SRE
Job Description
We are looking for a DevOps Engineer with strong Kubernetes (AKS) expertise to design, build, and operate scalable, secure, and reliable cloud‑native platforms. In this role, you will partner closely with development, data/ML, and security teams to deliver highly available services through modern CI/CD pipelines, container orchestration, and Infrastructure as Code (IaC).
You will be responsible for operating and hardening Azure Kubernetes Service (AKS) environments, automating infrastructure with Terraform, enforcing security best practices, and establishing robust observability and reliability standards.
Key Responsibilities
1. Containerization & Kubernetes Operations
- Design, build, and maintain Docker images using best practices (multi‑stage builds, minimal base images, vulnerability remediation).
- Operate Kubernetes core objects including Namespaces, Deployments, ReplicaSets, Services, Ingress, and DNS.
- Implement liveness/readiness probes, health checks, and zero‑downtime deployment strategies.
- Configure and tune autoscaling strategies (HPA, VPA, resource requests/limits) and ensure metrics reliability.
- Manage Ingress Controllers and LoadBalancers, enforcing routing rules, TLS termination, and secure traffic flow.
- Configure and operate Kubernetes storage (Persistent Volumes, StorageClasses, CSI drivers) for stateful workloads.
2. CI/CD Engineering (Azure DevOps)
- Build and maintain YAML‑based CI/CD pipelines for microservices and data/ML workloads (e.g., .NET, Python, Java, Node.js).
- Implement multi‑stage pipelines (build → test → security scan → package → deploy) using Helm and kubectl.
- Apply advanced deployment strategies such as blue‑green and canary releases.
- Manage service connections, agent pools, secure variables, and secrets.
- Standardize and document reusable pipeline templates to improve delivery speed and reliability.
3. Infrastructure as Code & Cloud Platform
- Provision and manage Azure infrastructure using Terraform (preferred) or Bicep.

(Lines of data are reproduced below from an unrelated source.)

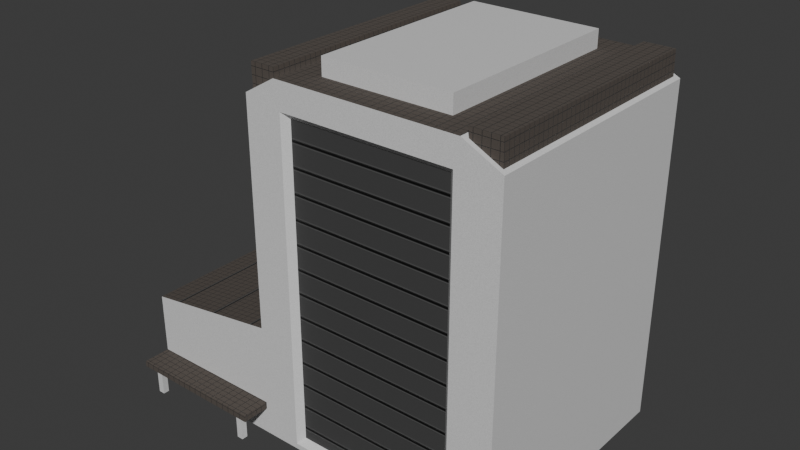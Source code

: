 # Source: gnomeVAB.blend  (saved by Blender 4.4.30; exported with 4.5.12 LTS)
import bpy
from mathutils import Matrix  # noqa: F401  (used for matrix-valued properties, if any)

bpy.ops.wm.read_factory_settings(use_empty=True)
scene = bpy.context.scene
scene.name = 'Scene'

# ---- collections
col_collection = bpy.data.collections.new('Collection'); scene.collection.children.link(col_collection)

# ---- images (referenced by path relative to the original .blend; pixels are not part of the script)
import os
ASSET_DIR = os.environ.get("B2B_ASSET_DIR", "")  # directory of the original .blend (textures are referenced by path, not embedded)
HERE = os.path.dirname(os.path.abspath(__file__))  # packed textures are extracted next to this script under _unpacked/

def load_image(name, relpath, width, height, colorspace="sRGB"):
    """Load a texture the original file referenced (path relative to the .blend, or extracted next to this script)."""
    p = next((c for c in (os.path.join(HERE, relpath), os.path.join(ASSET_DIR, relpath)) if relpath and os.path.exists(c)), "")
    if p:
        img = bpy.data.images.load(p, check_existing=True)
        img.name = name
    else:  # same state as the original file: an image datablock whose file is absent (Cycles renders it pink)
        img = bpy.data.images.new(name, width, height)
        img.source = "FILE"
        img.filepath = "//" + (relpath or name)
    img.colorspace_settings.name = colorspace
    return img
img_color = load_image('Color', 'VAB_CLR.png', 1024, 1024, 'sRGB')

# ---- materials (node trees are filled in below, after node groups)
mat_main = bpy.data.materials.new('Main')
mat_main.alpha_threshold = 0.0
mat_main.roughness = 0.5
mat_main.line_color = (0.0, 0.0, 0.0, 1.0)
mat_doors = bpy.data.materials.new('Doors')
mat_glass = bpy.data.materials.new('Glass')
mat_secondary = bpy.data.materials.new('Secondary')

# ---- material node trees
mat_main.use_nodes = True; mat_main.node_tree.nodes.clear()
_N = mat_main.node_tree.nodes; _L = mat_main.node_tree.links
n0 = _N.new('ShaderNodeOutputMaterial'); n0.name = 'Material Output'; n0.location = (300, 300)
n1 = _N.new('ShaderNodeBsdfPrincipled'); n1.name = 'Principled BSDF'; n1.location = (10, 300)
n1.inputs[3].default_value = 1.45
n2 = _N.new('ShaderNodeTexNoise'); n2.name = 'Noise Texture'; n2.location = (-776, 257)
n2.inputs[2].default_value = 548.6
n2.inputs[3].default_value = 5.0
n3 = _N.new('ShaderNodeBump'); n3.name = 'Bump'; n3.location = (-193, 141)
n4 = _N.new('ShaderNodeValToRGB'); n4.name = 'Color Ramp'; n4.location = (-548, 407)
while len(n4.color_ramp.elements) > 1: n4.color_ramp.elements.remove(n4.color_ramp.elements[-1])
n4.color_ramp.elements[0].position = 0.0; n4.color_ramp.elements[0].color = (0.4365, 0.4365, 0.4365, 1.0)
_e = n4.color_ramp.elements.new(0.9956); _e.color = (1.0, 1.0, 1.0, 1.0)
n5 = _N.new('ShaderNodeValToRGB'); n5.name = 'Color Ramp.001'; n5.location = (-575, 152)
while len(n5.color_ramp.elements) > 1: n5.color_ramp.elements.remove(n5.color_ramp.elements[-1])
n5.color_ramp.elements[0].position = 0.0; n5.color_ramp.elements[0].color = (0.0, 0.0, 0.0, 1.0)
_e = n5.color_ramp.elements.new(0.4123); _e.color = (1.0, 1.0, 1.0, 1.0)
n6 = _N.new('ShaderNodeTexImage'); n6.name = 'Image Texture'; n6.location = (-353, 707)
n6.image = img_color
_L.new(n1.outputs[0], n0.inputs[0])
_L.new(n4.outputs[0], n1.inputs[0])
_L.new(n3.outputs[0], n1.inputs[5])
_L.new(n5.outputs[0], n3.inputs[3])
_L.new(n2.outputs[1], n4.inputs[0])
_L.new(n2.outputs[1], n5.inputs[0])
n0.is_active_output = True
mat_doors.use_nodes = True; mat_doors.node_tree.nodes.clear()
_N = mat_doors.node_tree.nodes; _L = mat_doors.node_tree.links
n0 = _N.new('ShaderNodeBsdfPrincipled'); n0.name = 'Principled BSDF'; n0.location = (10, 300)
n1 = _N.new('ShaderNodeOutputMaterial'); n1.name = 'Material Output'; n1.location = (300, 300)
n2 = _N.new('ShaderNodeTexWave'); n2.name = 'Wave Texture'; n2.location = (-767, 236)
n2.bands_direction = 'Z'
n3 = _N.new('ShaderNodeValToRGB'); n3.name = 'Color Ramp'; n3.location = (-507, 220)
n3.color_ramp.interpolation = 'EASE'
while len(n3.color_ramp.elements) > 1: n3.color_ramp.elements.remove(n3.color_ramp.elements[-1])
n3.color_ramp.elements[0].position = 0.0; n3.color_ramp.elements[0].color = (0.0, 0.0, 0.0, 1.0)
_e = n3.color_ramp.elements.new(0.05702); _e.color = (0.08909, 0.08909, 0.08909, 1.0)
_e = n3.color_ramp.elements.new(0.1623); _e.color = (0.06047, 0.06047, 0.06047, 1.0)
n4 = _N.new('ShaderNodeBump'); n4.name = 'Bump'; n4.location = (-170, 153)
n4.inputs[1].default_value = 0.05
n5 = _N.new('ShaderNodeTexImage'); n5.name = 'Image Texture'; n5.location = (-393, 658)
n5.image = img_color
_L.new(n0.outputs[0], n1.inputs[0])
_L.new(n3.outputs[0], n0.inputs[0])
_L.new(n2.outputs[0], n3.inputs[0])
_L.new(n4.outputs[0], n0.inputs[5])
_L.new(n3.outputs[0], n4.inputs[3])
n1.is_active_output = True
mat_glass.use_nodes = True; mat_glass.node_tree.nodes.clear()
_N = mat_glass.node_tree.nodes; _L = mat_glass.node_tree.links
n0 = _N.new('ShaderNodeBsdfPrincipled'); n0.name = 'Principled BSDF'; n0.location = (10, 300)
n0.inputs[0].default_value = (0.08282, 0.1129, 0.1817, 1.0)
n0.inputs[2].default_value = 0.1184
n0.inputs[3].default_value = 4.4
n1 = _N.new('ShaderNodeOutputMaterial'); n1.name = 'Material Output'; n1.location = (300, 300)
n2 = _N.new('ShaderNodeTexImage'); n2.name = 'Image Texture'; n2.location = (-457, 622)
n2.image = img_color
_L.new(n0.outputs[0], n1.inputs[0])
n1.is_active_output = True
mat_secondary.use_nodes = True; mat_secondary.node_tree.nodes.clear()
_N = mat_secondary.node_tree.nodes; _L = mat_secondary.node_tree.links
n0 = _N.new('ShaderNodeBsdfPrincipled'); n0.name = 'Principled BSDF'; n0.location = (48, 300)
n0.inputs[2].default_value = 1.0
n1 = _N.new('ShaderNodeOutputMaterial'); n1.name = 'Material Output'; n1.location = (338, 300)
n2 = _N.new('ShaderNodeTexVoronoi'); n2.name = 'Voronoi Texture'; n2.location = (-812, 268)
n2.feature = 'DISTANCE_TO_EDGE'
n2.inputs[2].default_value = 51.5
n2.inputs[8].default_value = 0.0
n3 = _N.new('ShaderNodeValToRGB'); n3.name = 'Color Ramp'; n3.location = (-391, 315)
n3.color_ramp.interpolation = 'EASE'
while len(n3.color_ramp.elements) > 1: n3.color_ramp.elements.remove(n3.color_ramp.elements[-1])
n3.color_ramp.elements[0].position = 0.0; n3.color_ramp.elements[0].color = (0.103, 0.103, 0.103, 1.0)
_e = n3.color_ramp.elements.new(0.04386); _e.color = (0.0877, 0.0725, 0.06161, 1.0)
n4 = _N.new('ShaderNodeBump'); n4.name = 'Bump'; n4.location = (-267, 79)
n4.inputs[1].default_value = 0.05
n5 = _N.new('ShaderNodeValToRGB'); n5.name = 'Color Ramp.001'; n5.location = (-552, 58)
while len(n5.color_ramp.elements) > 1: n5.color_ramp.elements.remove(n5.color_ramp.elements[-1])
n5.color_ramp.elements[0].position = 0.0; n5.color_ramp.elements[0].color = (0.0, 0.0, 0.0, 1.0)
_e = n5.color_ramp.elements.new(0.03509); _e.color = (1.0, 1.0, 1.0, 1.0)
n6 = _N.new('ShaderNodeTexImage'); n6.name = 'Image Texture'; n6.location = (-599, 602)
n6.image = img_color
_L.new(n0.outputs[0], n1.inputs[0])
_L.new(n3.outputs[0], n0.inputs[0])
_L.new(n4.outputs[0], n0.inputs[5])
_L.new(n5.outputs[0], n4.inputs[3])
_L.new(n2.outputs[0], n3.inputs[0])
_L.new(n2.outputs[0], n5.inputs[0])
n1.is_active_output = True

# ---- world
world_world = bpy.data.worlds.new('World'); scene.world = world_world
world_world.use_nodes = True; world_world.node_tree.nodes.clear()
_N = world_world.node_tree.nodes; _L = world_world.node_tree.links
n0 = _N.new('ShaderNodeOutputWorld'); n0.name = 'World Output'; n0.location = (300, 300)
n1 = _N.new('ShaderNodeBackground'); n1.name = 'Background'; n1.location = (10, 300)
n1.inputs[0].default_value = (0.05088, 0.05088, 0.05088, 1.0)
_L.new(n1.outputs[0], n0.inputs[0])
n0.is_active_output = True
world_world.color = (0.05088, 0.05088, 0.05088)
world_world.sun_shadow_jitter_overblur = 0.0

# ---- meshes
me_cube = bpy.data.meshes.new('Cube')
me_cube.from_pydata([(0.9679, -0.9641, 2.646), (1.0, -1.0, -0.0527), (-0.9691, -0.9641, 2.648), (-1.0, -1.0, -0.0527), (-1.0, -1.0, 0.8591), (1.0, -1.0, 0.8591), (-2.117, -1.0, -0.0527), (-2.117, -1.0, 0.695), (0.4868, -0.7868, 2.78), (0.6089, -0.9523, 0.03836), (0.6564, -1.0, 0.8591), (-0.5318, -0.7868, 2.78), (-0.7014, -1.0, 0.8591), (-0.6539, -0.9523, 0.03836), (0.7321, -0.9641, 2.764), (-0.7759, -0.9641, 2.762), (0.4868, -0.7868, 2.917), (-0.5318, -0.7868, 2.917), (-0.6539, -0.9523, 2.522), (-1.0, -1.0, 2.63), (1.0, -1.0, 2.63), (0.6089, -0.9523, 2.522), (-0.7804, -0.9641, 2.835), (-0.9735, -0.9641, 2.835), (0.9635, -0.9641, 2.835), (0.7276, -0.9641, 2.835), (-0.745, -1.0, -0.0527), (0.7, -1.0, -0.0527), (0.7, -1.0, 0.8591), (0.7, -1.0, 2.78), (-0.745, -1.0, 2.78), (-0.745, -1.0, 0.8591), (-0.7014, -1.0, -0.009098), (0.6564, -1.0, -0.009098), (0.6089, -0.9523, 0.8591), (0.6564, -1.0, 2.569), (-0.7014, -1.0, 2.569), (-0.6539, -0.9523, 0.8591), (1.0, -1.0, 0.2605), (-1.0, -1.0, 0.1655), (-2.117, -1.0, 0.1655), (0.7, -1.0, 0.2605), (-0.745, -1.0, 0.2605), (0.6564, -1.0, 0.2788), (-0.7014, -1.0, 0.2788), (0.6089, -0.9523, 0.2988), (-0.6539, -0.9523, 0.2988), (-1.0, -1.0, 0.2204), (-2.117, -1.0, 0.2105), (1.0, -1.0, 0.3153), (0.7, -1.0, 0.3153), (-0.745, -1.0, 0.3153), (0.6564, -1.0, 0.3311), (-0.7014, -1.0, 0.3311), (0.6089, -0.9523, 0.3482), (-0.6539, -0.9523, 0.3482), (-1.0, -1.22, 0.1655), (-2.117, -1.22, 0.1655), (-1.0, -1.22, 0.2204), (-2.117, -1.22, 0.2105), (-1.893, -1.0, 0.7278), (-1.893, -1.0, -0.0527), (-1.893, -1.0, 0.1655), (-1.893, -1.0, 0.2125), (-1.893, -1.22, 0.1655), (-1.893, -1.22, 0.2125), (-1.223, -1.0, -0.0527), (-1.223, -1.0, 0.8263), (-1.223, -1.0, 0.1655), (-1.223, -1.0, 0.2184), (-1.223, -1.22, 0.1655), (-1.223, -1.22, 0.2184), (-1.137, -1.135, 0.1655), (-1.086, -1.135, 0.1655), (-1.086, -1.183, 0.1655), (-1.137, -1.183, 0.1655), (-2.031, -1.135, 0.1655), (-1.98, -1.135, 0.1655), (-1.98, -1.183, 0.1655), (-2.031, -1.183, 0.1655), (-1.086, -1.135, -0.0527), (-1.137, -1.135, -0.0527), (-1.137, -1.183, -0.0527), (-1.086, -1.183, -0.0527), (-1.98, -1.135, -0.0527), (-2.031, -1.135, -0.0527), (-2.031, -1.183, -0.0527), (-1.98, -1.183, -0.0527), (-1.56, -1.0, 0.7769), (-1.56, -1.0, 0.1655), (-1.56, -1.0, 0.2154), (-1.56, -1.22, 0.1655), (-1.56, -1.22, 0.2154), (-1.56, -1.0, -0.0527), (-1.725, -1.0, 0.7525), (-1.725, -1.0, 0.1655), (-1.725, -1.0, 0.2139), (-1.725, -1.22, 0.1655), (-1.725, -1.22, 0.2139), (-1.725, -1.0, -0.0527), (-1.391, -1.0, -0.0527), (-1.391, -1.0, 0.8016), (-1.391, -1.0, 0.1655), (-1.391, -1.0, 0.2169), (-1.391, -1.22, 0.1655), (-1.391, -1.22, 0.2169), (-1.401, -1.0, -0.04332), (-1.401, -1.0, 0.1561), (-1.55, -1.0, 0.1561), (-1.55, -1.0, -0.04332), (-1.569, -1.0, -0.04332), (-1.569, -1.0, 0.1561), (-1.716, -1.0, 0.1561), (-1.716, -1.0, -0.04332), (-1.41, -0.9837, -0.03458), (-1.41, -0.9837, 0.1474), (-1.542, -0.9837, 0.1474), (-1.542, -0.9837, -0.03458), (-1.578, -0.9837, -0.03458), (-1.578, -0.9837, 0.1474), (-1.707, -0.9837, 0.1474), (-1.707, -0.9837, -0.03458), (-1.0, 0.0, -0.0527), (1.0, 0.0, 2.63), (-1.0, 0.0, 2.63), (1.0, 0.0, -0.0527), (1.0, 0.0, 0.8591), (-1.0, 0.0, 0.8591), (-2.117, 0.0, -0.0527), (-2.117, 0.0, 0.695), (0.7, 0.0, -0.0527), (0.7, 0.0, 2.78), (-0.745, 0.0, -0.0527), (-0.745, 0.0, 2.78), (0.4868, 0.0, 2.78), (-0.5318, 0.0, 2.78), (0.4868, 0.0, 2.917), (-0.5318, 0.0, 2.917), (0.9679, 0.0, 2.646), (-0.9691, 0.0, 2.648), (0.7321, 0.0, 2.764), (-0.7759, 0.0, 2.762), (0.9635, 0.0, 2.835), (-0.9735, 0.0, 2.835), (0.7276, 0.0, 2.835), (-0.7804, 0.0, 2.835), (-2.117, 0.0, 0.1655), (1.0, 0.0, 0.2605), (-2.117, 0.0, 0.2105), (1.0, 0.0, 0.3153), (-1.893, 0.0, 0.7278), (-1.893, 0.0, -0.0527), (-1.223, 0.0, -0.0527), (-1.223, 0.0, 0.8263), (-1.56, 0.0, -0.0527), (-1.56, 0.0, 0.7769), (-1.725, 0.0, -0.0527), (-1.725, 0.0, 0.7525), (-1.391, 0.0, 0.8016), (-1.391, 0.0, -0.0527), (0.9679, 0.9641, 2.646), (1.0, 1.0, -0.0527), (-0.9691, 0.9641, 2.648), (-1.0, 1.0, -0.0527), (-1.0, 1.0, 0.8591), (1.0, 1.0, 0.8591), (-2.117, 1.0, -0.0527), (-2.117, 1.0, 0.695), (0.4868, 0.7868, 2.78), (0.6089, 0.9523, 0.03836), (0.6564, 1.0, 0.8591), (-0.5318, 0.7868, 2.78), (-0.7014, 1.0, 0.8591), (-0.6539, 0.9523, 0.03836), (0.7321, 0.9641, 2.764), (-0.7759, 0.9641, 2.762), (0.4868, 0.7868, 2.917), (-0.5318, 0.7868, 2.917), (-0.6539, 0.9523, 2.522), (-1.0, 1.0, 2.63), (1.0, 1.0, 2.63), (0.6089, 0.9523, 2.522), (-0.7804, 0.9641, 2.835), (-0.9735, 0.9641, 2.835), (0.9635, 0.9641, 2.835), (0.7276, 0.9641, 2.835), (-0.745, 1.0, -0.0527), (0.7, 1.0, -0.0527), (0.7, 1.0, 0.8591), (0.7, 1.0, 2.78), (-0.745, 1.0, 2.78), (-0.745, 1.0, 0.8591), (-0.7014, 1.0, -0.009098), (0.6564, 1.0, -0.009098), (0.6089, 0.9523, 0.8591), (0.6564, 1.0, 2.569), (-0.7014, 1.0, 2.569), (-0.6539, 0.9523, 0.8591), (1.0, 1.0, 0.2605), (-1.0, 1.0, 0.1655), (-2.117, 1.0, 0.1655), (0.7, 1.0, 0.2605), (-0.745, 1.0, 0.2605), (0.6564, 1.0, 0.2788), (-0.7014, 1.0, 0.2788), (0.6089, 0.9523, 0.2988), (-0.6539, 0.9523, 0.2988), (-1.0, 1.0, 0.2204), (-2.117, 1.0, 0.2105), (1.0, 1.0, 0.3153), (0.7, 1.0, 0.3153), (-0.745, 1.0, 0.3153), (0.6564, 1.0, 0.3311), (-0.7014, 1.0, 0.3311), (0.6089, 0.9523, 0.3482), (-0.6539, 0.9523, 0.3482), (-1.0, 1.22, 0.1655), (-2.117, 1.22, 0.1655), (-1.0, 1.22, 0.2204), (-2.117, 1.22, 0.2105), (-1.893, 1.0, 0.7278), (-1.893, 1.0, -0.0527), (-1.893, 1.0, 0.1655), (-1.893, 1.0, 0.2125), (-1.893, 1.22, 0.1655), (-1.893, 1.22, 0.2125), (-1.223, 1.0, -0.0527), (-1.223, 1.0, 0.8263), (-1.223, 1.0, 0.1655), (-1.223, 1.0, 0.2184), (-1.223, 1.22, 0.1655), (-1.223, 1.22, 0.2184), (-1.137, 1.135, 0.1655), (-1.086, 1.135, 0.1655), (-1.086, 1.183, 0.1655), (-1.137, 1.183, 0.1655), (-2.031, 1.135, 0.1655), (-1.98, 1.135, 0.1655), (-1.98, 1.183, 0.1655), (-2.031, 1.183, 0.1655), (-1.086, 1.135, -0.0527), (-1.137, 1.135, -0.0527), (-1.137, 1.183, -0.0527), (-1.086, 1.183, -0.0527), (-1.98, 1.135, -0.0527), (-2.031, 1.135, -0.0527), (-2.031, 1.183, -0.0527), (-1.98, 1.183, -0.0527), (-1.56, 1.0, 0.7769), (-1.56, 1.0, 0.1655), (-1.56, 1.0, 0.2154), (-1.56, 1.22, 0.1655), (-1.56, 1.22, 0.2154), (-1.56, 1.0, -0.0527), (-1.725, 1.0, 0.7525), (-1.725, 1.0, 0.1655), (-1.725, 1.0, 0.2139), (-1.725, 1.22, 0.1655), (-1.725, 1.22, 0.2139), (-1.725, 1.0, -0.0527), (-1.391, 1.0, -0.0527), (-1.391, 1.0, 0.8016), (-1.391, 1.0, 0.1655), (-1.391, 1.0, 0.2169), (-1.391, 1.22, 0.1655), (-1.391, 1.22, 0.2169), (-1.401, 1.0, -0.04332), (-1.401, 1.0, 0.1561), (-1.55, 1.0, 0.1561), (-1.55, 1.0, -0.04332), (-1.569, 1.0, -0.04332), (-1.569, 1.0, 0.1561), (-1.716, 1.0, 0.1561), (-1.716, 1.0, -0.04332), (-1.41, 0.9837, -0.03458), (-1.41, 0.9837, 0.1474), (-1.542, 0.9837, 0.1474), (-1.542, 0.9837, -0.03458), (-1.578, 0.9837, -0.03458), (-1.578, 0.9837, 0.1474), (-1.707, 0.9837, 0.1474), (-1.707, 0.9837, -0.03458)], [], [(14, 0, 24, 25), (31, 30, 19, 4), (130, 125, 1, 27), (126, 123, 20, 5), (149, 126, 5, 49), (63, 60, 7, 48), (51, 31, 4, 47), (151, 61, 6, 128), (49, 5, 28, 50), (132, 130, 27, 26), (5, 20, 29, 28), (122, 132, 26, 3), (54, 34, 37, 55), (34, 21, 18, 37), (134, 8, 29, 131), (8, 11, 30, 29), (136, 137, 17, 16), (135, 11, 17, 137), (11, 8, 16, 17), (15, 2, 19, 30), (138, 0, 20, 123), (0, 14, 29, 20), (141, 15, 30, 133), (145, 143, 23, 22), (142, 144, 25, 24), (139, 2, 23, 143), (2, 15, 22, 23), (140, 14, 25, 144), (33, 32, 26, 27), (43, 33, 27, 41), (35, 10, 28, 29), (36, 35, 29, 30), (53, 12, 31, 51), (12, 36, 30, 31), (9, 13, 32, 33), (45, 9, 33, 43), (21, 34, 10, 35), (18, 21, 35, 36), (55, 37, 12, 53), (37, 18, 36, 12), (13, 46, 44, 32), (54, 45, 43, 52), (32, 44, 42, 26), (52, 43, 41, 50), (9, 45, 46, 13), (1, 38, 41, 27), (26, 42, 39, 3), (61, 62, 40, 6), (125, 147, 38, 1), (10, 52, 50, 28), (34, 54, 52, 10), (46, 55, 53, 44), (44, 53, 51, 42), (45, 54, 55, 46), (38, 49, 50, 41), (42, 51, 47, 39), (48, 40, 57, 59), (147, 149, 49, 38), (64, 65, 59, 57), (77, 78, 87, 84), (39, 47, 58, 56), (63, 48, 59, 65), (96, 63, 65, 98), (75, 72, 81, 82), (97, 98, 65, 64), (99, 95, 62, 61), (156, 99, 61, 151), (96, 94, 60, 63), (47, 4, 67, 69), (122, 3, 66, 152), (3, 39, 68, 66), (56, 58, 71, 70), (47, 69, 71, 58), (102, 68, 70, 104), (68, 39, 73, 72), (39, 56, 74, 73), (56, 70, 75, 74), (70, 68, 72, 75), (40, 62, 77, 76), (62, 64, 78, 77), (64, 57, 79, 78), (57, 40, 76, 79), (81, 80, 83, 82), (85, 84, 87, 86), (76, 77, 84, 85), (73, 74, 83, 80), (78, 79, 86, 87), (72, 73, 80, 81), (79, 76, 85, 86), (74, 75, 82, 83), (95, 89, 91, 97), (103, 101, 88, 90), (159, 100, 93, 154), (114, 115, 116, 117), (104, 105, 92, 91), (103, 90, 92, 105), (62, 95, 97, 64), (90, 88, 94, 96), (154, 93, 99, 156), (118, 119, 120, 121), (91, 92, 98, 97), (90, 96, 98, 92), (69, 103, 105, 71), (70, 71, 105, 104), (66, 68, 102, 100), (152, 66, 100, 159), (69, 67, 101, 103), (89, 102, 104, 91), (100, 102, 107, 106), (102, 89, 108, 107), (89, 93, 109, 108), (93, 100, 106, 109), (93, 89, 111, 110), (89, 95, 112, 111), (95, 99, 113, 112), (99, 93, 110, 113), (106, 107, 115, 114), (107, 108, 116, 115), (108, 109, 117, 116), (109, 106, 114, 117), (110, 111, 119, 118), (111, 112, 120, 119), (112, 113, 121, 120), (113, 110, 118, 121), (101, 158, 155, 88), (88, 155, 157, 94), (67, 153, 158, 101), (94, 157, 150, 60), (40, 48, 148, 146), (15, 141, 145, 22), (0, 138, 142, 24), (8, 134, 136, 16), (11, 135, 133, 30), (14, 140, 131, 29), (48, 7, 129, 148), (60, 150, 129, 7), (6, 40, 146, 128), (4, 127, 153, 67), (4, 19, 124, 127), (2, 139, 124, 19), (174, 185, 184, 160), (191, 164, 179, 190), (130, 187, 161, 125), (126, 165, 180, 123), (149, 209, 165, 126), (223, 208, 167, 220), (211, 207, 164, 191), (151, 128, 166, 221), (209, 210, 188, 165), (132, 186, 187, 130), (165, 188, 189, 180), (122, 163, 186, 132), (214, 215, 197, 194), (194, 197, 178, 181), (134, 131, 189, 168), (168, 189, 190, 171), (136, 176, 177, 137), (135, 137, 177, 171), (171, 177, 176, 168), (175, 190, 179, 162), (138, 123, 180, 160), (160, 180, 189, 174), (141, 133, 190, 175), (145, 182, 183, 143), (142, 184, 185, 144), (139, 143, 183, 162), (162, 183, 182, 175), (140, 144, 185, 174), (193, 187, 186, 192), (203, 201, 187, 193), (195, 189, 188, 170), (196, 190, 189, 195), (213, 211, 191, 172), (172, 191, 190, 196), (169, 193, 192, 173), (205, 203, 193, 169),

- Codify and manage AKS clusters, networking, Azure Key Vault, Azure Container Registry (ACR), Log Analytics, and supporting services.
- Automate operations using Azure CLI and PowerShell.
- Maintain environment parity (dev, test, stage, prod) with repeatable and idempotent deployments.
- Enforce Git‑based change control and immutable infrastructure practices.
4. Security, Compliance & Identity
- Enforce RBAC in Azure and Kubernetes using least‑privilege principles.
- Manage secrets with Azure Key Vault and Kubernetes secrets.
- Integrate image scanning and vulnerability checks into CI/CD pipelines.
- Apply Pod Security Standards and implement cluster, image, and supply‑chain hardening.
- Collaborate with security teams on audits, compliance requirements, and vulnerability remediation.
5. Observability & Reliability
- Implement monitoring and logging using Azure Monitor, Log Analytics, Container Insights, Prometheus, Grafana, and Dynatrace.
- Define and track SLIs and SLOs, and create actionable dashboards and alerts.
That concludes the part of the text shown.